→ **THE DATA**
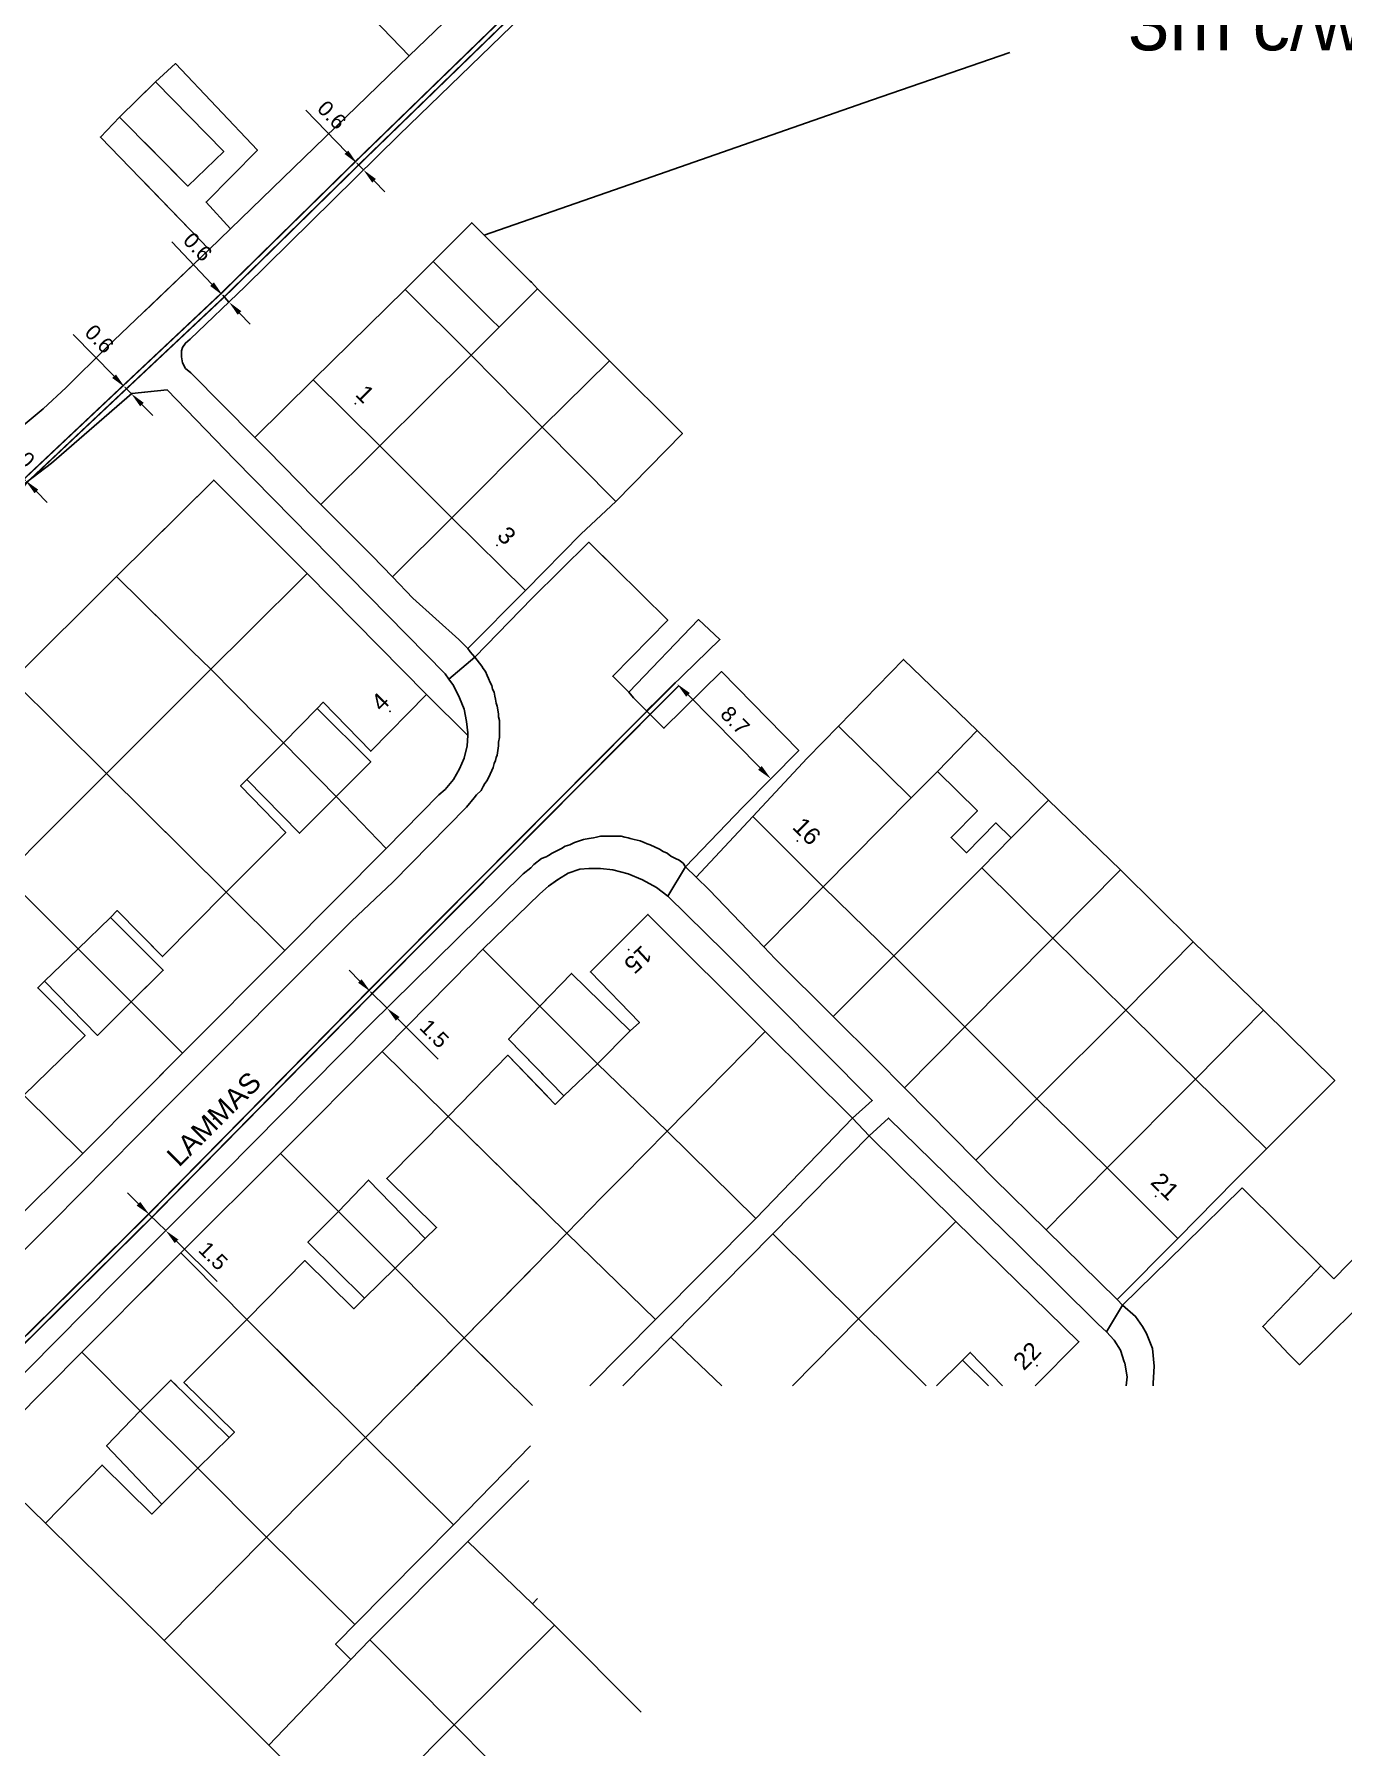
# Model space of a CAD drawing. Header units: millimetres. Extents: x 111502 to 977541, y 8702 to 1044108.
# Drawn here: x 486412.2 to 486497.7, y 236305.6 to 236417.4 of the extents above; entities that cross this region are included whole.
import ezdxf
from ezdxf import colors
from ezdxf.entities.mleader import LeaderData, LeaderLine
from ezdxf.enums import TextEntityAlignment as Align
from ezdxf.math import Vec2, Vec3

# ---------------------------------------------------------------- set-up
doc = ezdxf.new("R2010")
doc.units = ezdxf.units.MM
doc.header["$LTSCALE"] = 0.25
doc.linetypes.add('DASHED2', pattern=[9.525, 6.35, -3.175])
for name, color, linetype in [('00 Text', 7, 'Continuous'), ('E HVSS As Laid Dimensions', 30, 'Continuous'), ('E HVSS As Laid HV', 10, 'Continuous'), ('X HVSS Site Background', 8, 'Continuous')]:
    doc.layers.add(name, color=color, linetype=linetype)
doc.styles.add('95EE9FB2-FF71-4954-AD40-E1', font='arial.ttf', dxfattribs={"height": 0.2})
doc.styles.add('Arial', font='arial.ttf')
doc.dimstyles.new('HVSS AsLaid', dxfattribs={"dimtxt": 1, "dimasz": 1, "dimexe": 0, "dimexo": 0, "dimgap": 0.5, "dimtad": 1, "dimdec": 1, "dimzin": 1, "dimdsep": 46, "dimtxsty": 'Arial', "dimcen": 0.09, "dimadec": 0, "dimazin": 0, "dimtfac": 1, "dimtdec": 1, "dimtmove": 0, "dimatfit": 3, "dimfxl": 1, "dimtolj": 1, "dimtzin": 0, "dimarcsym": 0})

# ---------------------------------------------------------------- blocks, each defined once
blk = doc.blocks.new('OS MAP 060722')
at = {"layer": 'X HVSS Site Background'}
for points in [[(-2375.28, -2695.36), (-2381.98, -2701.91), (-2373.88, -2710.36)], [(-2375.28, -2695.36), (-2381.98, -2701.91), (-2373.88, -2710.36)], [(-2350.48, -2704.16), (-2365.18, -2706.46), (-2374.53, -2715.51), (-2384.58, -2725.41), (-2388.18, -2728.86), (-2388.48, -2729.11), (-2388.68, -2729.41), (-2388.73, -2729.61), (-2388.73, -2730.01), (-2388.68, -2730.41), (-2388.48, -2730.76), (-2388.13, -2731.06), (-2383.96, -2735.27)], [(-2350.48, -2704.16), (-2365.18, -2706.46), (-2374.53, -2715.51), (-2384.58, -2725.41), (-2388.18, -2728.86), (-2388.48, -2729.11), (-2388.68, -2729.41), (-2388.73, -2729.61), (-2388.73, -2730.01), (-2388.68, -2730.41), (-2388.48, -2730.76), (-2388.13, -2731.06), (-2383.96, -2735.27)], [(-2367.18, -2703.91), (-2373.88, -2710.36)], [(-2367.18, -2703.91), (-2373.88, -2710.36)], [(-2230.03, -2707.11), (-2310.58, -2787.21), (-2313.48, -2790.21)], [(-2385.53, -2721.66), (-2387.13, -2719.91), (-2383.78, -2716.51), (-2389.13, -2710.86), (-2390.43, -2712.06)], [(-2385.53, -2721.66), (-2387.13, -2719.91), (-2383.78, -2716.51), (-2389.13, -2710.86), (-2390.43, -2712.06)], [(-2373.88, -2710.36), (-2385.53, -2721.66)], [(-2373.88, -2710.36), (-2385.53, -2721.66)], [(-2334.65, -2710.14), (-2343.68, -2713.26), (-2346.98, -2714.41), (-2358.03, -2718.26), (-2368.98, -2722.06)], [(-2334.65, -2710.14), (-2343.68, -2713.26), (-2346.98, -2714.41), (-2358.03, -2718.26), (-2368.98, -2722.06)], [(-2390.43, -2712.06), (-2392.78, -2714.36)], [(-2392.78, -2714.36), (-2388.33, -2718.86), (-2385.98, -2716.61), (-2390.43, -2712.06)], [(-2390.43, -2712.06), (-2391.16, -2712.77)], [(-2391.16, -2716), (-2388.33, -2718.86), (-2385.98, -2716.61), (-2390.43, -2712.06)], [(-2392.78, -2714.36), (-2394.03, -2715.66), (-2386.93, -2723.01)], [(-2391.16, -2718.63), (-2386.93, -2723.01)], [(-2385.53, -2721.66), (-2386.93, -2723.01)], [(-2385.53, -2721.66), (-2386.93, -2723.01)], [(-2368.98, -2722.06), (-2369.78, -2721.26), (-2372.3, -2723.78)], [(-2368.98, -2722.06), (-2369.78, -2721.26), (-2372.3, -2723.78)], [(-2365.48, -2725.56), (-2365.89, -2725.14), (-2365.96, -2725.07), (-2368.98, -2722.06)], [(-2365.48, -2725.56), (-2365.89, -2725.14), (-2365.96, -2725.07), (-2368.98, -2722.06)], [(-2386.93, -2723.01), (-2393.63, -2729.41), (-2396.28, -2732.01), (-2397.78, -2733.41), (-2399.33, -2734.71), (-2401.03, -2735.96), (-2402.78, -2737.21), (-2403.28, -2737.51), (-2405.33, -2738.56), (-2407.43, -2739.51), (-2410.33, -2740.56), (-2413.33, -2741.46), (-2416.08, -2742.06), (-2418.88, -2742.61), (-2421.78, -2743.11), (-2424.68, -2743.51), (-2425.13, -2743.56), (-2427.38, -2743.71), (-2429.68, -2743.71), (-2431.88, -2743.61), (-2434.08, -2743.36), (-2435.33, -2743.11), (-2436.73, -2741.61)], [(-2386.93, -2723.01), (-2391.16, -2727.05)], [(-2372.3, -2723.78), (-2374.13, -2725.61)], [(-2372.3, -2723.78), (-2374.13, -2725.61)], [(-2372.3, -2723.78), (-2368.49, -2727.59), (-2368, -2728.08)], [(-2372.3, -2723.78), (-2368.49, -2727.59), (-2368, -2728.08)], [(-2374.13, -2725.61), (-2380.13, -2731.51)], [(-2374.13, -2725.61), (-2380.13, -2731.51)], [(-2369.83, -2729.91), (-2374.13, -2725.61)], [(-2369.83, -2729.91), (-2374.13, -2725.61)], [(-2368, -2728.08), (-2365.48, -2725.56)], [(-2368, -2728.08), (-2365.48, -2725.56)], [(-2360.78, -2730.26), (-2365.48, -2725.56)], [(-2360.78, -2730.26), (-2365.48, -2725.56)], [(-2368, -2728.08), (-2369.83, -2729.91)], [(-2368, -2728.08), (-2369.83, -2729.91)], [(-2369.83, -2729.91), (-2375.78, -2735.81)], [(-2369.83, -2729.91), (-2375.78, -2735.81)], [(-2365.18, -2734.61), (-2369.83, -2729.91)], [(-2365.18, -2734.61), (-2369.83, -2729.91)], [(-2365.18, -2734.61), (-2360.78, -2730.26)], [(-2365.18, -2734.61), (-2360.78, -2730.26)], [(-2360.38, -2739.46), (-2356.03, -2735.01), (-2360.78, -2730.26)], [(-2360.38, -2739.46), (-2356.03, -2735.01), (-2360.78, -2730.26)], [(-2371.28, -2751.05), (-2371.53, -2750.71), (-2385.28, -2736.71), (-2389.68, -2732.16), (-2391.98, -2732.41), (-2397.23, -2736.96), (-2398.88, -2738.21), (-2400.78, -2739.61), (-2402.73, -2740.81), (-2403.68, -2741.31), (-2405.63, -2742.16), (-2407.63, -2742.91), (-2410.13, -2743.76), (-2412.63, -2744.36), (-2415.98, -2745.21), (-2423.73, -2749.91), (-2431.98, -2754.71), (-2431.83, -2759.21), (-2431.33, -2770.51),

→ **YOUR INSTRUCTIONS**
Would you copy each line above exactly as given, dropping any images?

→ **RESULT OF THE EXERCISE**
# Model space of a CAD drawing. Header units: millimetres. Extents: x 111502 to 977541, y 8702 to 1044108.
# Drawn here: x 486412.2 to 486497.7, y 236305.6 to 236417.4 of the extents above; entities that cross this region are included whole.
import ezdxf
from ezdxf import colors
from ezdxf.entities.mleader import LeaderData, LeaderLine
from ezdxf.enums import TextEntityAlignment as Align
from ezdxf.math import Vec2, Vec3

# ---------------------------------------------------------------- set-up
doc = ezdxf.new("R2010")
doc.units = ezdxf.units.MM
doc.header["$LTSCALE"] = 0.25
doc.linetypes.add('DASHED2', pattern=[9.525, 6.35, -3.175])
for name, color, linetype in [('00 Text', 7, 'Continuous'), ('E HVSS As Laid Dimensions', 30, 'Continuous'), ('E HVSS As Laid HV', 10, 'Continuous'), ('X HVSS Site Background', 8, 'Continuous')]:
    doc.layers.add(name, color=color, linetype=linetype)
doc.styles.add('95EE9FB2-FF71-4954-AD40-E1', font='arial.ttf', dxfattribs={"height": 0.2})
doc.styles.add('Arial', font='arial.ttf')
doc.dimstyles.new('HVSS AsLaid', dxfattribs={"dimtxt": 1, "dimasz": 1, "dimexe": 0, "dimexo": 0, "dimgap": 0.5, "dimtad": 1, "dimdec": 1, "dimzin": 1, "dimdsep": 46, "dimtxsty": 'Arial', "dimcen": 0.09, "dimadec": 0, "dimazin": 0, "dimtfac": 1, "dimtdec": 1, "dimtmove": 0, "dimatfit": 3, "dimfxl": 1, "dimtolj": 1, "dimtzin": 0, "dimarcsym": 0})

# ---------------------------------------------------------------- blocks, each defined once
blk = doc.blocks.new('OS MAP 060722')
at = {"layer": 'X HVSS Site Background'}
for points in [[(-2375.28, -2695.36), (-2381.98, -2701.91), (-2373.88, -2710.36)], [(-2375.28, -2695.36), (-2381.98, -2701.91), (-2373.88, -2710.36)], [(-2350.48, -2704.16), (-2365.18, -2706.46), (-2374.53, -2715.51), (-2384.58, -2725.41), (-2388.18, -2728.86), (-2388.48, -2729.11), (-2388.68, -2729.41), (-2388.73, -2729.61), (-2388.73, -2730.01), (-2388.68, -2730.41), (-2388.48, -2730.76), (-2388.13, -2731.06), (-2383.96, -2735.27)], [(-2350.48, -2704.16), (-2365.18, -2706.46), (-2374.53, -2715.51), (-2384.58, -2725.41), (-2388.18, -2728.86), (-2388.48, -2729.11), (-2388.68, -2729.41), (-2388.73, -2729.61), (-2388.73, -2730.01), (-2388.68, -2730.41), (-2388.48, -2730.76), (-2388.13, -2731.06), (-2383.96, -2735.27)], [(-2367.18, -2703.91), (-2373.88, -2710.36)], [(-2367.18, -2703.91), (-2373.88, -2710.36)], [(-2230.03, -2707.11), (-2310.58, -2787.21), (-2313.48, -2790.21)], [(-2385.53, -2721.66), (-2387.13, -2719.91), (-2383.78, -2716.51), (-2389.13, -2710.86), (-2390.43, -2712.06)], [(-2385.53, -2721.66), (-2387.13, -2719.91), (-2383.78, -2716.51), (-2389.13, -2710.86), (-2390.43, -2712.06)], [(-2373.88, -2710.36), (-2385.53, -2721.66)], [(-2373.88, -2710.36), (-2385.53, -2721.66)], [(-2334.65, -2710.14), (-2343.68, -2713.26), (-2346.98, -2714.41), (-2358.03, -2718.26), (-2368.98, -2722.06)], [(-2334.65, -2710.14), (-2343.68, -2713.26), (-2346.98, -2714.41), (-2358.03, -2718.26), (-2368.98, -2722.06)], [(-2390.43, -2712.06), (-2392.78, -2714.36)], [(-2392.78, -2714.36), (-2388.33, -2718.86), (-2385.98, -2716.61), (-2390.43, -2712.06)], [(-2390.43, -2712.06), (-2391.16, -2712.77)], [(-2391.16, -2716), (-2388.33, -2718.86), (-2385.98, -2716.61), (-2390.43, -2712.06)], [(-2392.78, -2714.36), (-2394.03, -2715.66), (-2386.93, -2723.01)], [(-2391.16, -2718.63), (-2386.93, -2723.01)], [(-2385.53, -2721.66), (-2386.93, -2723.01)], [(-2385.53, -2721.66), (-2386.93, -2723.01)], [(-2368.98, -2722.06), (-2369.78, -2721.26), (-2372.3, -2723.78)], [(-2368.98, -2722.06), (-2369.78, -2721.26), (-2372.3, -2723.78)], [(-2365.48, -2725.56), (-2365.89, -2725.14), (-2365.96, -2725.07), (-2368.98, -2722.06)], [(-2365.48, -2725.56), (-2365.89, -2725.14), (-2365.96, -2725.07), (-2368.98, -2722.06)], [(-2386.93, -2723.01), (-2393.63, -2729.41), (-2396.28, -2732.01), (-2397.78, -2733.41), (-2399.33, -2734.71), (-2401.03, -2735.96), (-2402.78, -2737.21), (-2403.28, -2737.51), (-2405.33, -2738.56), (-2407.43, -2739.51), (-2410.33, -2740.56), (-2413.33, -2741.46), (-2416.08, -2742.06), (-2418.88, -2742.61), (-2421.78, -2743.11), (-2424.68, -2743.51), (-2425.13, -2743.56), (-2427.38, -2743.71), (-2429.68, -2743.71), (-2431.88, -2743.61), (-2434.08, -2743.36), (-2435.33, -2743.11), (-2436.73, -2741.61)], [(-2386.93, -2723.01), (-2391.16, -2727.05)], [(-2372.3, -2723.78), (-2374.13, -2725.61)], [(-2372.3, -2723.78), (-2374.13, -2725.61)], [(-2372.3, -2723.78), (-2368.49, -2727.59), (-2368, -2728.08)], [(-2372.3, -2723.78), (-2368.49, -2727.59), (-2368, -2728.08)], [(-2374.13, -2725.61), (-2380.13, -2731.51)], [(-2374.13, -2725.61), (-2380.13, -2731.51)], [(-2369.83, -2729.91), (-2374.13, -2725.61)], [(-2369.83, -2729.91), (-2374.13, -2725.61)], [(-2368, -2728.08), (-2365.48, -2725.56)], [(-2368, -2728.08), (-2365.48, -2725.56)], [(-2360.78, -2730.26), (-2365.48, -2725.56)], [(-2360.78, -2730.26), (-2365.48, -2725.56)], [(-2368, -2728.08), (-2369.83, -2729.91)], [(-2368, -2728.08), (-2369.83, -2729.91)], [(-2369.83, -2729.91), (-2375.78, -2735.81)], [(-2369.83, -2729.91), (-2375.78, -2735.81)], [(-2365.18, -2734.61), (-2369.83, -2729.91)], [(-2365.18, -2734.61), (-2369.83, -2729.91)], [(-2365.18, -2734.61), (-2360.78, -2730.26)], [(-2365.18, -2734.61), (-2360.78, -2730.26)], [(-2360.38, -2739.46), (-2356.03, -2735.01), (-2360.78, -2730.26)], [(-2360.38, -2739.46), (-2356.03, -2735.01), (-2360.78, -2730.26)], [(-2371.28, -2751.05), (-2371.53, -2750.71), (-2385.28, -2736.71), (-2389.68, -2732.16), (-2391.98, -2732.41), (-2397.23, -2736.96), (-2398.88, -2738.21), (-2400.78, -2739.61), (-2402.73, -2740.81), (-2403.68, -2741.31), (-2405.63, -2742.16), (-2407.63, -2742.91), (-2410.13, -2743.76), (-2412.63, -2744.36), (-2415.98, -2745.21), (-2423.73, -2749.91), (-2431.98, -2754.71), (-2431.83, -2759.21), (-2431.33, -2770.51),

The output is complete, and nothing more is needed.